All forms of machine learning (not just FedML) are subject to the General Data Protection Regulation (GDPR), as its function involves the processing of personal data, as established in Articles 2 and 3 of the GDPR. Both the participating organisations and the company that owns the FedML mechanism must comply with the GDPR rules, especially regarding the rights of data subjects (Chapter 3 of the GDPR) and the transfer of personal data (Chapter 5 of the GDPR). It is also necessary to comply with the AI Act, which, according to its Article 6, would classify FedML as a high-risk system when used in critical sectors such as healthcare, subject to certain obligations set forth under its Article 8.
Risk Mitigation
The GDPR and the AI Act are two regulatory frameworks aiming to mitigate some of the risks presented to data subjects’ privacy and individual´s fundamental rights in the context of data processing to train AI systems using FedML. The issue of transparency in FedML, as well as the issue of the right to non-discrimination and fairness, can be addressed by implementing the solution presented by the authors Wulf, A. J. & Seizov, O., namely, the AIX-1P (One-Page Information Notice on Artificial Intelligence Explanations). This solution consists of a concise standardised document presented to the data subject whenever an automated decision-making process is used to make significant assessments and decisions based on their personal data. This document provides data subjects with a better understanding of the complex process by which AI algorithms handle their data. By providing retrospective insights into the inputs (user characteristics) and outputs (resulting decisions) of the applications, the document acts as a practical tool to bridge the gap between complex AI processes and users’ understanding of the relationship between their processed data and the decisions made, promoting transparency and accountability in AI algorithms.

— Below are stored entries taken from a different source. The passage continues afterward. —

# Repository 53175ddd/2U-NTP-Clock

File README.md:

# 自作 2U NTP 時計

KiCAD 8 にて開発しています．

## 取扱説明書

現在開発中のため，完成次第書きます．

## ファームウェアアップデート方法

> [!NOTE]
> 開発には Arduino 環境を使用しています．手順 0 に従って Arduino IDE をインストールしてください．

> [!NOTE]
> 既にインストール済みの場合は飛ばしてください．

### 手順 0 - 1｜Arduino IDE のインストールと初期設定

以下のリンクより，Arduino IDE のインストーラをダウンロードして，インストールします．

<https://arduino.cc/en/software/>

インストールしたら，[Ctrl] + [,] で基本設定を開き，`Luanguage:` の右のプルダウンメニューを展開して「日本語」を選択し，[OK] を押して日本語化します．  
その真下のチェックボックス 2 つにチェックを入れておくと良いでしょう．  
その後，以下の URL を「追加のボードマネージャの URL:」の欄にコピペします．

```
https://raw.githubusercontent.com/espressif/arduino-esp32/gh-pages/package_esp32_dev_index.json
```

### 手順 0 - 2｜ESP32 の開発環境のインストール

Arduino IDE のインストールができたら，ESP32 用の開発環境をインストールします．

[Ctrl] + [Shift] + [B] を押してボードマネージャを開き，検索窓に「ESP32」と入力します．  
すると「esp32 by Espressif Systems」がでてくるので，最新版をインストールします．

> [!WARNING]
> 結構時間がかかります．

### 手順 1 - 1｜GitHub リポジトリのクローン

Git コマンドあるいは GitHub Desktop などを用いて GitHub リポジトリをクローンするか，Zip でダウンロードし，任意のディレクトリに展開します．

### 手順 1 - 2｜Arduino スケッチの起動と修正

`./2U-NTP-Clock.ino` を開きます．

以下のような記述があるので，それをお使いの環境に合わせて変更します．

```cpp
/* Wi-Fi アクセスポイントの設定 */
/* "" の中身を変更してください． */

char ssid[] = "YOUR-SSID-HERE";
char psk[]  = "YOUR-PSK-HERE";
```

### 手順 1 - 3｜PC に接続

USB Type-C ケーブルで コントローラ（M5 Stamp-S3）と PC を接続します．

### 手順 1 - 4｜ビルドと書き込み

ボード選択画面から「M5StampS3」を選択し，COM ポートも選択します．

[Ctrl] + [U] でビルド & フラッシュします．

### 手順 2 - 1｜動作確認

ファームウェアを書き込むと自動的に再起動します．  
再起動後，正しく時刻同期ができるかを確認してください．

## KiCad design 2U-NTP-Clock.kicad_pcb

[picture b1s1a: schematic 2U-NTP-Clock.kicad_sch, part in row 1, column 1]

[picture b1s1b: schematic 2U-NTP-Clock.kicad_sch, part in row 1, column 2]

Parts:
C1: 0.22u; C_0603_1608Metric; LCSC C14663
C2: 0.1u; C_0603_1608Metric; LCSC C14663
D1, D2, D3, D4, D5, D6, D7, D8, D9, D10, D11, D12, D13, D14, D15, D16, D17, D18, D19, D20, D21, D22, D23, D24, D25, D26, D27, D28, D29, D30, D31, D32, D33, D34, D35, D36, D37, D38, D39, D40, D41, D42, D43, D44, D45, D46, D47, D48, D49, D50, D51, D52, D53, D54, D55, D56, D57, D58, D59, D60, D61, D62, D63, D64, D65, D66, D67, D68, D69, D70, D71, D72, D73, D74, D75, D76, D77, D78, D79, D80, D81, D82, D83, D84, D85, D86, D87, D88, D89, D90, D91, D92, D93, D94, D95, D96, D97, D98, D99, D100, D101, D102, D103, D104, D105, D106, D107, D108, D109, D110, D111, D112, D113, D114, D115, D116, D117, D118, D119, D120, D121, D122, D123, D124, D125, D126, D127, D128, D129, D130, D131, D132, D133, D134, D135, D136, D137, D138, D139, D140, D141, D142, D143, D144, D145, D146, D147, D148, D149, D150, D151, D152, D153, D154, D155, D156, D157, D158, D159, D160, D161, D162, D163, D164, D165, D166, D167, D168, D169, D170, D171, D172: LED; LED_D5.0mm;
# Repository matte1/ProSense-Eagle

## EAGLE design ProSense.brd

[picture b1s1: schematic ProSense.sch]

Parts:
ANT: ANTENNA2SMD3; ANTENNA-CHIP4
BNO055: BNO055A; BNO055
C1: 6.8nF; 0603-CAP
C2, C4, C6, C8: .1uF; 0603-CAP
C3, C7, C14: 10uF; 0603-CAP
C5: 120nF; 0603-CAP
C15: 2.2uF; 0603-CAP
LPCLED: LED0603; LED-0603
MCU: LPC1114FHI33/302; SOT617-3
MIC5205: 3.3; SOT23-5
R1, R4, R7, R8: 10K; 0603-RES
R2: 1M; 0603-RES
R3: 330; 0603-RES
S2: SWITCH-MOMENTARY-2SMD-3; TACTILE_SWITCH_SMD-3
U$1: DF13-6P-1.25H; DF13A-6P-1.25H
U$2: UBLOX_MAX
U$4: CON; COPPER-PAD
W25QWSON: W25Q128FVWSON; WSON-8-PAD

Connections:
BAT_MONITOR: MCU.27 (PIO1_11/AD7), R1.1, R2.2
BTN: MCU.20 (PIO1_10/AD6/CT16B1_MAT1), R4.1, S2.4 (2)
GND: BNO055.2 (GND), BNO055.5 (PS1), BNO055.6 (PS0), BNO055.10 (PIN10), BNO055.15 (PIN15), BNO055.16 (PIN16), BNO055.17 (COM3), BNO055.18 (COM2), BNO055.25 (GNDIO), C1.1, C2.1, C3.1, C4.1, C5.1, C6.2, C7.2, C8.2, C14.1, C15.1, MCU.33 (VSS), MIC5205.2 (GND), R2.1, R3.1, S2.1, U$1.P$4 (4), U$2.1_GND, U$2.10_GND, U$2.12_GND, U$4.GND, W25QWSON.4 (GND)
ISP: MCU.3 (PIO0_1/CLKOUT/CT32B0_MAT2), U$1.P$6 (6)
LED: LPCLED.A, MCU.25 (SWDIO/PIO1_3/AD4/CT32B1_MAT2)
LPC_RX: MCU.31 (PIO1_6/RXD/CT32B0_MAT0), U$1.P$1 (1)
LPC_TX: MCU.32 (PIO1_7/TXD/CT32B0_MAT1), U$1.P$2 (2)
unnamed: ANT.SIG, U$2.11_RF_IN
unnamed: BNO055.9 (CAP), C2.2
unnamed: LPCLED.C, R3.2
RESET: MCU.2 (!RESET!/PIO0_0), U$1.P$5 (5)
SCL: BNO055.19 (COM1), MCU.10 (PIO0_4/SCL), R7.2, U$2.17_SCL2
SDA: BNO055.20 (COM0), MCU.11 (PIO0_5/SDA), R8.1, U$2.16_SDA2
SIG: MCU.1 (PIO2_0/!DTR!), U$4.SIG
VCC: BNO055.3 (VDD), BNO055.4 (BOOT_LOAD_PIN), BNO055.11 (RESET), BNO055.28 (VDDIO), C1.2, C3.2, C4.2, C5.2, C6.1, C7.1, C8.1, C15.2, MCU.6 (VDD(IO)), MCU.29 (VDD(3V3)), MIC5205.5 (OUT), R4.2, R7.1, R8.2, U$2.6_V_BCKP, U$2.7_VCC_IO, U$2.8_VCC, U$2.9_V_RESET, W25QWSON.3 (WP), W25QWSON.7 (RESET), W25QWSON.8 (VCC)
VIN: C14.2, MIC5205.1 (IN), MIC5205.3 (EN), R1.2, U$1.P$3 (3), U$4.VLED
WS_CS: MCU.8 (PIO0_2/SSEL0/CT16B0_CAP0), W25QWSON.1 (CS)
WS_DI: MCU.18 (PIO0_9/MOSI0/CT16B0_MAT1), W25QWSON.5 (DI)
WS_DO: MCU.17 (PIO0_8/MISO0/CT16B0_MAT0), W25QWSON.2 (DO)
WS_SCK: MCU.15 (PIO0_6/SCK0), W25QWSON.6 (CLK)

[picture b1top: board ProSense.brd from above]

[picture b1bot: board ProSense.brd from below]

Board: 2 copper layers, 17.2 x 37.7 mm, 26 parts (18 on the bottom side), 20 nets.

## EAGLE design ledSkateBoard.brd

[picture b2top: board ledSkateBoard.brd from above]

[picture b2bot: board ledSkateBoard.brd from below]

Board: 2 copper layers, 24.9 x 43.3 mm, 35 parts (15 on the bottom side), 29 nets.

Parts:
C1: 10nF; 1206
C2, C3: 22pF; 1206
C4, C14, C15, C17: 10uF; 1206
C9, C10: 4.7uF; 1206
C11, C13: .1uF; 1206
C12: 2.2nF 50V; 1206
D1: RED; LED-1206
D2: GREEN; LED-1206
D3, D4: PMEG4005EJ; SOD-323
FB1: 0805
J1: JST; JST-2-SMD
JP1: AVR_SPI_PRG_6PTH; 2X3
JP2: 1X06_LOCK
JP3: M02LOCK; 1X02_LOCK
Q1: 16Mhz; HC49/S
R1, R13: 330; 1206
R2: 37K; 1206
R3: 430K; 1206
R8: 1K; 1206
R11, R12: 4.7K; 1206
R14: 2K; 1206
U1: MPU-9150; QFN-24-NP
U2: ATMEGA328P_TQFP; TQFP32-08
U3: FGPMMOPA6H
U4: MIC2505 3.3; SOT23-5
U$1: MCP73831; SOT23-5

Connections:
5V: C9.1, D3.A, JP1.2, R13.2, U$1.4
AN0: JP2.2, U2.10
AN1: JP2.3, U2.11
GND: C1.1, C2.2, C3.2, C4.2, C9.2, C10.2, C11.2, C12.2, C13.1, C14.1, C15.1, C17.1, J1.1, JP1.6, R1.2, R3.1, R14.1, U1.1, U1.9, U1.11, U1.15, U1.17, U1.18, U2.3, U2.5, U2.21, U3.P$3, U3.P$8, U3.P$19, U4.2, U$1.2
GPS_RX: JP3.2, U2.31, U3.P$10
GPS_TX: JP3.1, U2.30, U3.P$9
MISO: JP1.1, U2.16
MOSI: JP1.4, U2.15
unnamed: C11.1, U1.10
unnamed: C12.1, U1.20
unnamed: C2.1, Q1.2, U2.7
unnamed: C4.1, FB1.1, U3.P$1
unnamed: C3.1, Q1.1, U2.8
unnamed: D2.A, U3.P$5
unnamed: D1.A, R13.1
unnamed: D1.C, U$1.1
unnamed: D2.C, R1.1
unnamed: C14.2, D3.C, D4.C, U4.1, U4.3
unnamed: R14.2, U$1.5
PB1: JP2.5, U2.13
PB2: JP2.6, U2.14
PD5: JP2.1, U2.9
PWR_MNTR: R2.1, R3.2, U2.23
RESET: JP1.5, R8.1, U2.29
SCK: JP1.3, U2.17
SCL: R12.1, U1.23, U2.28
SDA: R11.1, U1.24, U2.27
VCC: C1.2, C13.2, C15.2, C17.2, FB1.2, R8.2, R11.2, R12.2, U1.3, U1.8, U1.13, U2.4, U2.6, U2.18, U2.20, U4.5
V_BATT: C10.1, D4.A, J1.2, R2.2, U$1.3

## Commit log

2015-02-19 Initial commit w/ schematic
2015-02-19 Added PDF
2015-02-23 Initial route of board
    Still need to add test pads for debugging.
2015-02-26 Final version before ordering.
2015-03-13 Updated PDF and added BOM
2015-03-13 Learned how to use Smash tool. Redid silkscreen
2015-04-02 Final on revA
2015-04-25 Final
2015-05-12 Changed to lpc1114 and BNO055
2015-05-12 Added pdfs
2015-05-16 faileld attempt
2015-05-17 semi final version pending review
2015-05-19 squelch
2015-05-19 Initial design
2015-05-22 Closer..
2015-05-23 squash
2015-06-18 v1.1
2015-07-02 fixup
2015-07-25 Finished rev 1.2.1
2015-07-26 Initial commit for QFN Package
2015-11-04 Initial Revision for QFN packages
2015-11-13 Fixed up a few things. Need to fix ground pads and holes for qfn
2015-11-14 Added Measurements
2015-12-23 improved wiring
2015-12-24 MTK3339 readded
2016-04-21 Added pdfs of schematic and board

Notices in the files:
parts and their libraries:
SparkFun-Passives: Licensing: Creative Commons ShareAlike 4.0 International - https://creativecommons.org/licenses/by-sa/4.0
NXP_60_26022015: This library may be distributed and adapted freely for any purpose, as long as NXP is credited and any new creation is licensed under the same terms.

As shown above, Federated Machine Learning (FedML) is a viable solution in response to concerns related to the privacy of personal data in the context of machine learning. The decentralised algorithm training process is crucial for mitigating the risks associated with the centralisation occurring in common machine learning. However, FedML is not entirely immune from cyber-attacks, and issues such as consent need further development to comply with legal bases. In summary, by acting in compliance with the GDPR and the AI Act and by adopting a mechanism that promotes transparency, like the AIX-1P, FedML can offer a more efficient approach than other alternatives, better balancing innovation and the protection of data subjects’ rights.